At the Samsung Developer Conference in San Francisco on Wednesday, the company introduced the Samsung ARTIK Cloud, a cloud-based backend design to run IoT applications and services.
"Our motto is 'make connections, not silos,'" said Curtis Sasaki, VP of ecosystems and IoT general manager at Samsung Strategy and Innovation Center.
ARTIK Cloud represents an effort to allow the notoriously fragmented set of IoT devices work together. Sasaki suggested it could help IoT mean "the interoperability of things."
The platform is open in the sense that it can communicate with devices from a variety of vendors through protocols like REST/HTTP, Websockets, MQTT, and CoAP. It's supported by an assortment of tools and services, including a new ARTIK IDE (to write device code), resin.io (for automatic device updating), a Rules Engine (for crafting conditional actions), and eyeSight Technologies' computer vision capabilities. Partners like Legrand and Digibe Software provide paths to connect enterprise systems.
ARTIK Cloud is available at five price tiers:
Hobbyist (free, 150 messages per day)
Startup (1,500 messages per day, $0.75 per device/month)
Business (10,000 messages per day, $2 per device/month)
Growth (100,000 messages per day, $6 per device/month)
(Images: Thomas Claburn/InformationWeek)
DJ Koh, president of mobile communications at Samsung, said that the number of devices on the Internet has surpassed the number of people in the world, and that by 2020 there will be 21 billion connected devices.
These devices "will be all around us in almost everything we touch and use," said Koh.
What's more, these devices will run on software. Samsung wants developers to help it provide that software, so much so that it now describes itself not as a hardware company but as a software company.
"We've changed from a hardware company to a software company," said Injong Rhee, executive VP and head of research and development for Samsung's software and services group.

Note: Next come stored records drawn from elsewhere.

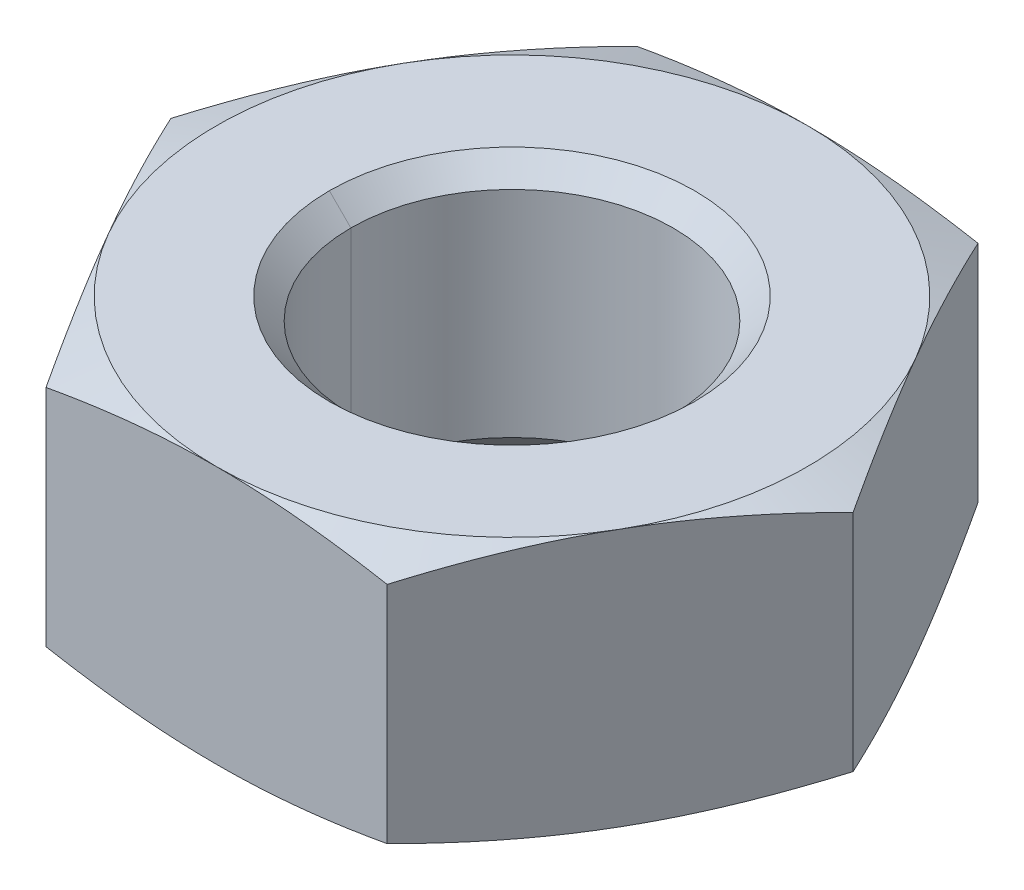
ISO-10303-21;
HEADER;
FILE_DESCRIPTION(('STEP AP214'),'2;1');
FILE_NAME('part.step','',(''),(''),'','','');
FILE_SCHEMA(('AUTOMOTIVE_DESIGN { 1 0 10303 214 1 1 1 1 }'));
ENDSEC;
DATA;
#1=APPLICATION_CONTEXT('core data for automotive mechanical design processes');
#2=APPLICATION_PROTOCOL_DEFINITION('international standard','automotive_design',2000,#1);
#3=PRODUCT_CONTEXT('',#1,'mechanical');
#4=PRODUCT('Part','Part','',(#3));
#5=PRODUCT_RELATED_PRODUCT_CATEGORY('part','',(#4));
#6=PRODUCT_DEFINITION_FORMATION('','',#4);
#7=PRODUCT_DEFINITION_CONTEXT('part definition',#1,'design');
#8=PRODUCT_DEFINITION('design','',#6,#7);
#9=PRODUCT_DEFINITION_SHAPE('','',#8);
#10=(LENGTH_UNIT() NAMED_UNIT(*) SI_UNIT(.MILLI.,.METRE.));
#11=(NAMED_UNIT(*) PLANE_ANGLE_UNIT() SI_UNIT($,.RADIAN.));
#12=(NAMED_UNIT(*) SI_UNIT($,.STERADIAN.) SOLID_ANGLE_UNIT());
#13=UNCERTAINTY_MEASURE_WITH_UNIT(LENGTH_MEASURE(1.E-05),#10,'distance_accuracy_value','');
#14=(GEOMETRIC_REPRESENTATION_CONTEXT(3) GLOBAL_UNCERTAINTY_ASSIGNED_CONTEXT((#13)) GLOBAL_UNIT_ASSIGNED_CONTEXT((#10,
#11,#12)) REPRESENTATION_CONTEXT('',''));
#15=CARTESIAN_POINT('',(0.,0.,0.));
#16=DIRECTION('',(0.,0.,1.));
#17=DIRECTION('',(1.,0.,0.));
#18=AXIS2_PLACEMENT_3D('',#15,#16,#17);
#19=CARTESIAN_POINT('',(0.,0.1000000000643,0.));
#20=DIRECTION('',(0.,-1.,0.));
#21=DIRECTION('',(0.,0.,-1.));
#22=AXIS2_PLACEMENT_3D('',#19,#20,#21);
#23=CONICAL_SURFACE('',#22,1.599999999936,0.7853981633973);
#24=DIRECTION('',(-0.707106781186548,0.707106781186548,1.09634755958007E-09));
#25=VECTOR('',#24,1.);
#26=CARTESIAN_POINT('',(1.699999999925,7.545016463458E-11,-9.167990307275E-10));
#27=LINE('',#26,#25);
#28=CARTESIAN_POINT('',(1.7,0.,0.));
#29=VERTEX_POINT('',#28);
#30=CARTESIAN_POINT('',(1.5,0.2,0.));
#31=VERTEX_POINT('',#30);
#32=EDGE_CURVE('E10',#29,#31,#27,.T.);
#33=ORIENTED_EDGE('',*,*,#32,.T.);
#34=CARTESIAN_POINT('',(0.,0.2,0.));
#35=DIRECTION('',(0.,1.,0.));
#36=DIRECTION('',(1.,0.,0.));
#37=AXIS2_PLACEMENT_3D('',#34,#35,#36);
#38=CIRCLE('',#37,1.5);
#39=CARTESIAN_POINT('',(-1.5,0.2,0.));
#40=VERTEX_POINT('',#39);
#41=EDGE_CURVE('E177',#31,#40,#38,.T.);
#42=ORIENTED_EDGE('',*,*,#41,.T.);
#43=DIRECTION('',(0.707106781186548,0.707106781186548,-1.09634604963507E-09));
#44=VECTOR('',#43,1.);
#45=CARTESIAN_POINT('',(-1.699999999925,7.545009061971E-11,9.16797816753E-10));
#46=LINE('',#45,#44);
#47=CARTESIAN_POINT('',(-1.7,0.,0.));
#48=VERTEX_POINT('',#47);
#49=EDGE_CURVE('E26',#48,#40,#46,.T.);
#50=ORIENTED_EDGE('',*,*,#49,.F.);
#51=CARTESIAN_POINT('',(0.,0.,0.));
#52=DIRECTION('',(0.,1.,0.));
#53=DIRECTION('',(1.,0.,0.));
#54=AXIS2_PLACEMENT_3D('',#51,#52,#53);
#55=CIRCLE('',#54,1.7);
#56=EDGE_CURVE('E215',#29,#48,#55,.T.);
#57=ORIENTED_EDGE('',*,*,#56,.F.);
#58=EDGE_LOOP('',(#33,#42,#50,#57));
#59=FACE_BOUND('',#58,.T.);
#60=ADVANCED_FACE('F15',(#59),#23,.F.);
#61=CARTESIAN_POINT('',(0.,0.1000000000643,0.));
#62=DIRECTION('',(0.,-1.,0.));
#63=DIRECTION('',(0.,0.,-1.));
#64=AXIS2_PLACEMENT_3D('',#61,#62,#63);
#65=CONICAL_SURFACE('',#64,1.599999999936,0.7853981633973);
#66=ORIENTED_EDGE('',*,*,#49,.T.);
#67=CARTESIAN_POINT('',(0.,0.2,0.));
#68=DIRECTION('',(0.,1.,0.));
#69=DIRECTION('',(-1.,0.,0.));
#70=AXIS2_PLACEMENT_3D('',#67,#68,#69);
#71=CIRCLE('',#70,1.5);
#72=EDGE_CURVE('E173',#40,#31,#71,.T.);
#73=ORIENTED_EDGE('',*,*,#72,.T.);
#74=ORIENTED_EDGE('',*,*,#32,.F.);
#75=CARTESIAN_POINT('',(0.,0.,0.));
#76=DIRECTION('',(0.,1.,0.));
#77=DIRECTION('',(-1.,0.,0.));
#78=AXIS2_PLACEMENT_3D('',#75,#76,#77);
#79=CIRCLE('',#78,1.7);
#80=EDGE_CURVE('E219',#48,#29,#79,.T.);
#81=ORIENTED_EDGE('',*,*,#80,.F.);
#82=EDGE_LOOP('',(#66,#73,#74,#81));
#83=FACE_BOUND('',#82,.T.);
#84=ADVANCED_FACE('F593',(#83),#65,.F.);
#85=CARTESIAN_POINT('',(0.,2.4,0.));
#86=DIRECTION('',(0.,1.,0.));
#87=DIRECTION('',(1.,0.,0.));
#88=AXIS2_PLACEMENT_3D('',#85,#86,#87);
#89=CYLINDRICAL_SURFACE('',#88,1.5);
#90=DIRECTION('',(0.,-1.,0.));
#91=VECTOR('',#90,1.);
#92=CARTESIAN_POINT('',(1.49999999995,2.19999999995,-6.067043243702E-10));
#93=LINE('',#92,#91);
#94=CARTESIAN_POINT('',(1.5,2.2,0.));
#95=VERTEX_POINT('',#94);
#96=EDGE_CURVE('E183',#95,#31,#93,.T.);
#97=ORIENTED_EDGE('',*,*,#96,.T.);
#98=ORIENTED_EDGE('',*,*,#72,.F.);
#99=DIRECTION('',(0.,-1.,0.));
#100=VECTOR('',#99,1.);
#101=CARTESIAN_POINT('',(-1.49999999995,2.19999999995,6.067043987456E-10));
#102=LINE('',#101,#100);
#103=CARTESIAN_POINT('',(-1.5,2.2,0.));
#104=VERTEX_POINT('',#103);
#105=EDGE_CURVE('E166',#104,#40,#102,.T.);
#106=ORIENTED_EDGE('',*,*,#105,.F.);
#107=CARTESIAN_POINT('',(0.,2.2,0.));
#108=DIRECTION('',(0.,-1.,0.));
#109=DIRECTION('',(1.,0.,0.));
#110=AXIS2_PLACEMENT_3D('',#107,#108,#109);
#111=CIRCLE('',#110,1.5);
#112=EDGE_CURVE('E171',#95,#104,#111,.T.);
#113=ORIENTED_EDGE('',*,*,#112,.F.);
#114=EDGE_LOOP('',(#97,#98,#106,#113));
#115=FACE_BOUND('',#114,.T.);
#116=ADVANCED_FACE('F169',(#115),#89,.F.);
#117=CARTESIAN_POINT('',(0.,2.4,0.));
#118=DIRECTION('',(0.,1.,0.));
#119=DIRECTION('',(1.,0.,0.));
#120=AXIS2_PLACEMENT_3D('',#117,#118,#119);
#121=CYLINDRICAL_SURFACE('',#120,1.5);
#122=ORIENTED_EDGE('',*,*,#105,.T.);
#123=ORIENTED_EDGE('',*,*,#41,.F.);
#124=ORIENTED_EDGE('',*,*,#96,.F.);
#125=CARTESIAN_POINT('',(0.,2.2,0.));
#126=DIRECTION('',(0.,-1.,0.));
#127=DIRECTION('',(-1.,0.,0.));
#128=AXIS2_PLACEMENT_3D('',#125,#126,#127);
#129=CIRCLE('',#128,1.5);
#130=EDGE_CURVE('E178',#104,#95,#129,.T.);
#131=ORIENTED_EDGE('',*,*,#130,.F.);
#132=EDGE_LOOP('',(#122,#123,#124,#131));
#133=FACE_BOUND('',#132,.T.);
#134=ADVANCED_FACE('F182',(#133),#121,.F.);
#135=CARTESIAN_POINT('',(0.,2.299999999936,0.));
#136=DIRECTION('',(0.,1.,0.));
#137=DIRECTION('',(0.,0.,-1.));
#138=AXIS2_PLACEMENT_3D('',#135,#136,#137);
#139=CONICAL_SURFACE('',#138,1.599999999936,0.7853981633973);
#140=DIRECTION('',(0.707106781186548,-0.707106781186548,-1.09634600416907E-09));
#141=VECTOR('',#140,1.);
#142=CARTESIAN_POINT('',(-1.699999999925,2.399999999925,9.167978763359E-10));
#143=LINE('',#142,#141);
#144=CARTESIAN_POINT('',(-1.7,2.4,0.));
#145=VERTEX_POINT('',#144);
#146=EDGE_CURVE('E186',#145,#104,#143,.T.);
#147=ORIENTED_EDGE('',*,*,#146,.T.);
#148=ORIENTED_EDGE('',*,*,#130,.T.);
#149=DIRECTION('',(-0.707106781186548,-0.707106781186548,1.09634648687207E-09));
#150=VECTOR('',#149,1.);
#151=CARTESIAN_POINT('',(1.699999999925,2.399999999925,-9.167979384894E-10));
#152=LINE('',#151,#150);
#153=CARTESIAN_POINT('',(1.7,2.4,0.));
#154=VERTEX_POINT('',#153);
#155=EDGE_CURVE('E198',#154,#95,#152,.T.);
#156=ORIENTED_EDGE('',*,*,#155,.F.);
#157=CARTESIAN_POINT('',(0.,2.4,0.));
#158=DIRECTION('',(0.,-1.,0.));
#159=DIRECTION('',(-1.,0.,0.));
#160=AXIS2_PLACEMENT_3D('',#157,#158,#159);
#161=CIRCLE('',#160,1.7);
#162=EDGE_CURVE('E192',#145,#154,#161,.T.);
#163=ORIENTED_EDGE('',*,*,#162,.F.);
#164=EDGE_LOOP('',(#147,#148,#156,#163));
#165=FACE_BOUND('',#164,.T.);
#166=ADVANCED_FACE('F190',(#165),#139,.F.);
#167=CARTESIAN_POINT('',(0.,2.299999999936,0.));
#168=DIRECTION('',(0.,1.,0.));
#169=DIRECTION('',(0.,0.,-1.));
#170=AXIS2_PLACEMENT_3D('',#167,#168,#169);
#171=CONICAL_SURFACE('',#170,1.599999999936,0.7853981633973);
#172=ORIENTED_EDGE('',*,*,#155,.T.);
#173=ORIENTED_EDGE('',*,*,#112,.T.);
#174=ORIENTED_EDGE('',*,*,#146,.F.);
#175=CARTESIAN_POINT('',(0.,2.4,0.));
#176=DIRECTION('',(0.,-1.,0.));
#177=DIRECTION('',(1.,0.,0.));
#178=AXIS2_PLACEMENT_3D('',#175,#176,#177);
#179=CIRCLE('',#178,1.7);
#180=EDGE_CURVE('E382',#154,#145,#179,.T.);
#181=ORIENTED_EDGE('',*,*,#180,.F.);
#182=EDGE_LOOP('',(#172,#173,#174,#181));
#183=FACE_BOUND('',#182,.T.);
#184=ADVANCED_FACE('F17',(#183),#171,.F.);
#185=CARTESIAN_POINT('',(1.587713240271,0.,-2.75));
#186=DIRECTION('',(0.,0.,-1.));
#187=DIRECTION('',(0.,-1.,0.));
#188=AXIS2_PLACEMENT_3D('',#185,#186,#187);
#189=PLANE('',#188);
#190=CARTESIAN_POINT('',(0.,2.4,-2.75));
#191=CARTESIAN_POINT('',(0.1052224611715,2.4,-2.75));
#192=CARTESIAN_POINT('',(0.3154470286676,2.395587915311,-2.75));
#193=CARTESIAN_POINT('',(0.6299683233626,2.376095210962,-2.75));
#194=CARTESIAN_POINT('',(0.9441379917555,2.344497945483,-2.75));
#195=CARTESIAN_POINT('',(1.26032303949,2.301595107121,-2.75));
#196=CARTESIAN_POINT('',(1.47775424727,2.265168324435,-2.75));
#197=CARTESIAN_POINT('',(1.587713240271,2.245157424214,-2.75));
#198=(BOUNDED_CURVE() B_SPLINE_CURVE(3,(#190,#191,#192,#193,#194,#195,#196,#197),.UNSPECIFIED.,
.F.,.F.) B_SPLINE_CURVE_WITH_KNOTS((4,1,1,1,1,4),(0.,0.2,0.4,0.6,0.8,1.),
.UNSPECIFIED.) CURVE() GEOMETRIC_REPRESENTATION_ITEM() RATIONAL_B_SPLINE_CURVE((1.,1.,1.,1.,1.,
1.,1.,1.)) REPRESENTATION_ITEM(''));
#199=CARTESIAN_POINT('',(0.,2.4,-2.75));
#200=VERTEX_POINT('',#199);
#201=CARTESIAN_POINT('',(1.587713240271,2.245157424214,-2.75));
#202=VERTEX_POINT('',#201);
#203=EDGE_CURVE('E315',#200,#202,#198,.T.);
#204=ORIENTED_EDGE('',*,*,#203,.T.);
#205=DIRECTION('',(0.,1.,0.));
#206=VECTOR('',#205,1.);
#207=CARTESIAN_POINT('',(1.587713240271,0.1548425757863,-2.75));
#208=LINE('',#207,#206);
#209=CARTESIAN_POINT('',(1.587713240271,0.1548425757863,-2.75));
#210=VERTEX_POINT('',#209);
#211=EDGE_CURVE('E116',#210,#202,#208,.T.);
#212=ORIENTED_EDGE('',*,*,#211,.F.);
#213=CARTESIAN_POINT('',(0.,0.,-2.75));
#214=CARTESIAN_POINT('',(0.1052224611715,0.,-2.75));
#215=CARTESIAN_POINT('',(0.3154470286676,0.004412084689004,-2.75));
#216=CARTESIAN_POINT('',(0.6299683233626,0.02390478903786,-2.75));
#217=CARTESIAN_POINT('',(0.9441379917555,0.05550205451655,-2.75));
#218=CARTESIAN_POINT('',(1.26032303949,0.09840489287872,-2.75));
#219=CARTESIAN_POINT('',(1.47775424727,0.1348316755651,-2.75));
#220=CARTESIAN_POINT('',(1.587713240271,0.1548425757863,-2.75));
#221=(BOUNDED_CURVE() B_SPLINE_CURVE(3,(#213,#214,#215,#216,#217,#218,#219,#220),.UNSPECIFIED.,
.F.,.F.) B_SPLINE_CURVE_WITH_KNOTS((4,1,1,1,1,4),(0.,0.2,0.4,0.6,0.8,1.),
.UNSPECIFIED.) CURVE() GEOMETRIC_REPRESENTATION_ITEM() RATIONAL_B_SPLINE_CURVE((1.,1.,1.,1.,1.,
1.,1.,1.)) REPRESENTATION_ITEM(''));
#222=CARTESIAN_POINT('',(0.,0.,-2.75));
#223=VERTEX_POINT('',#222);
#224=EDGE_CURVE('E239',#223,#210,#221,.T.);
#225=ORIENTED_EDGE('',*,*,#224,.F.);
#226=CARTESIAN_POINT('',(-1.587713240271,0.1548425757863,-2.75));
#227=CARTESIAN_POINT('',(-1.477763319488,0.1348333265736,-2.75));
#228=CARTESIAN_POINT('',(-1.260337990898,0.09840638658966,-2.75));
#229=CARTESIAN_POINT('',(-0.9440452113293,0.05549027522838,-2.75));
#230=CARTESIAN_POINT('',(-0.6298861577299,0.0238985917992,-2.75));
#231=CARTESIAN_POINT('',(-0.3154012683404,0.004410687574094,-2.75));
#232=CARTESIAN_POINT('',(-0.1052057242757,0.,-2.75));
#233=CARTESIAN_POINT('',(0.,0.,-2.75));
#234=(BOUNDED_CURVE() B_SPLINE_CURVE(3,(#226,#227,#228,#229,#230,#231,#232,#233),.UNSPECIFIED.,
.F.,.F.) B_SPLINE_CURVE_WITH_KNOTS((4,1,1,1,1,4),(0.,0.2,0.4,0.6,0.8,1.),
.UNSPECIFIED.) CURVE() GEOMETRIC_REPRESENTATION_ITEM() RATIONAL_B_SPLINE_CURVE((1.,1.,1.,1.,1.,
1.,1.,1.)) REPRESENTATION_ITEM(''));
#235=CARTESIAN_POINT('',(-1.587713240271,0.1548425757863,-2.75));
#236=VERTEX_POINT('',#235);
#237=EDGE_CURVE('E256',#236,#223,#234,.T.);
#238=ORIENTED_EDGE('',*,*,#237,.F.);
#239=DIRECTION('',(0.,1.,0.));
#240=VECTOR('',#239,1.);
#241=CARTESIAN_POINT('',(-1.587713240271,0.1548425757863,-2.75));
#242=LINE('',#241,#240);
#243=CARTESIAN_POINT('',(-1.587713240271,2.245157424214,-2.75));
#244=VERTEX_POINT('',#243);
#245=EDGE_CURVE('E19',#236,#244,#242,.T.);
#246=ORIENTED_EDGE('',*,*,#245,.T.);
#247=CARTESIAN_POINT('',(-1.587713240271,2.245157424214,-2.75));
#248=CARTESIAN_POINT('',(-1.477763319488,2.265166673426,-2.75));
#249=CARTESIAN_POINT('',(-1.260337990898,2.30159361341,-2.75));
#250=CARTESIAN_POINT('',(-0.9440452113293,2.344509724772,-2.75));
#251=CARTESIAN_POINT('',(-0.6298861577299,2.376101408201,-2.75));
#252=CARTESIAN_POINT('',(-0.3154012683404,2.395589312426,-2.75));
#253=CARTESIAN_POINT('',(-0.1052057242757,2.4,-2.75));
#254=CARTESIAN_POINT('',(0.,2.4,-2.75));
#255=(BOUNDED_CURVE() B_SPLINE_CURVE(3,(#247,#248,#249,#250,#251,#252,#253,#254),.UNSPECIFIED.,
.F.,.F.) B_SPLINE_CURVE_WITH_KNOTS((4,1,1,1,1,4),(0.,0.2,0.4,0.6,0.8,1.),
.UNSPECIFIED.) CURVE() GEOMETRIC_REPRESENTATION_ITEM() RATIONAL_B_SPLINE_CURVE((1.,1.,1.,1.,1.,
1.,1.,1.)) REPRESENTATION_ITEM(''));
#256=EDGE_CURVE('E322',#244,#200,#255,.T.);
#257=ORIENTED_EDGE('',*,*,#256,.T.);
#258=EDGE_LOOP('',(#204,#212,#225,#238,#246,#257));
#259=FACE_BOUND('',#258,.T.);
#260=ADVANCED_FACE('F542',(#259),#189,.T.);
#261=CARTESIAN_POINT('',(-1.587713240271,0.,-2.75));
#262=DIRECTION('',(-0.866025403784429,0.,-0.500000000000017));
#263=DIRECTION('',(-0.500000000000017,0.,0.866025403784429));
#264=AXIS2_PLACEMENT_3D('',#261,#262,#263);
#265=PLANE('',#264);
#266=CARTESIAN_POINT('',(-2.381569860407,2.4,-1.375));
#267=CARTESIAN_POINT('',(-2.328958629821,2.4,-1.466125324423));
#268=CARTESIAN_POINT('',(-2.223846346073,2.395587915311,-1.648185140374));
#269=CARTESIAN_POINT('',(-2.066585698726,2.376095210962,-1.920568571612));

That's a bit of a stretch, given that Samsung's homegrown operating system, Tizen, despite having surpassed BlackBerry in Q3 2015 sales, is still only the fourth largest mobile OS, behind Android, iOS, and Windows Phone, according to Strategy Analytics.
Though Rhee insisted Tizen has benefits, like its low memory footprint, he also noted that about 80% of the world's smartphones run Android. After Android and iOS, the remaining mobile operating systems together account for just 2% of the market, according to CCS Insights.
However, Samsung sold 21 million Tizen-based Smart TVs last year. The company expects Tizen to power its home appliances, audio, and wearables. Maybe Microsoft, which is third in the smartphone OS race, should worry.
Beyond mobile operating systems, Samsung's software aspirations sound more credible. Samsung Pay has about 5 million users, about the same as Android Pay, according to Bloomberg. Apple Pay has more users, about 12 million, but Samsung Pay works on a more merchant hardware.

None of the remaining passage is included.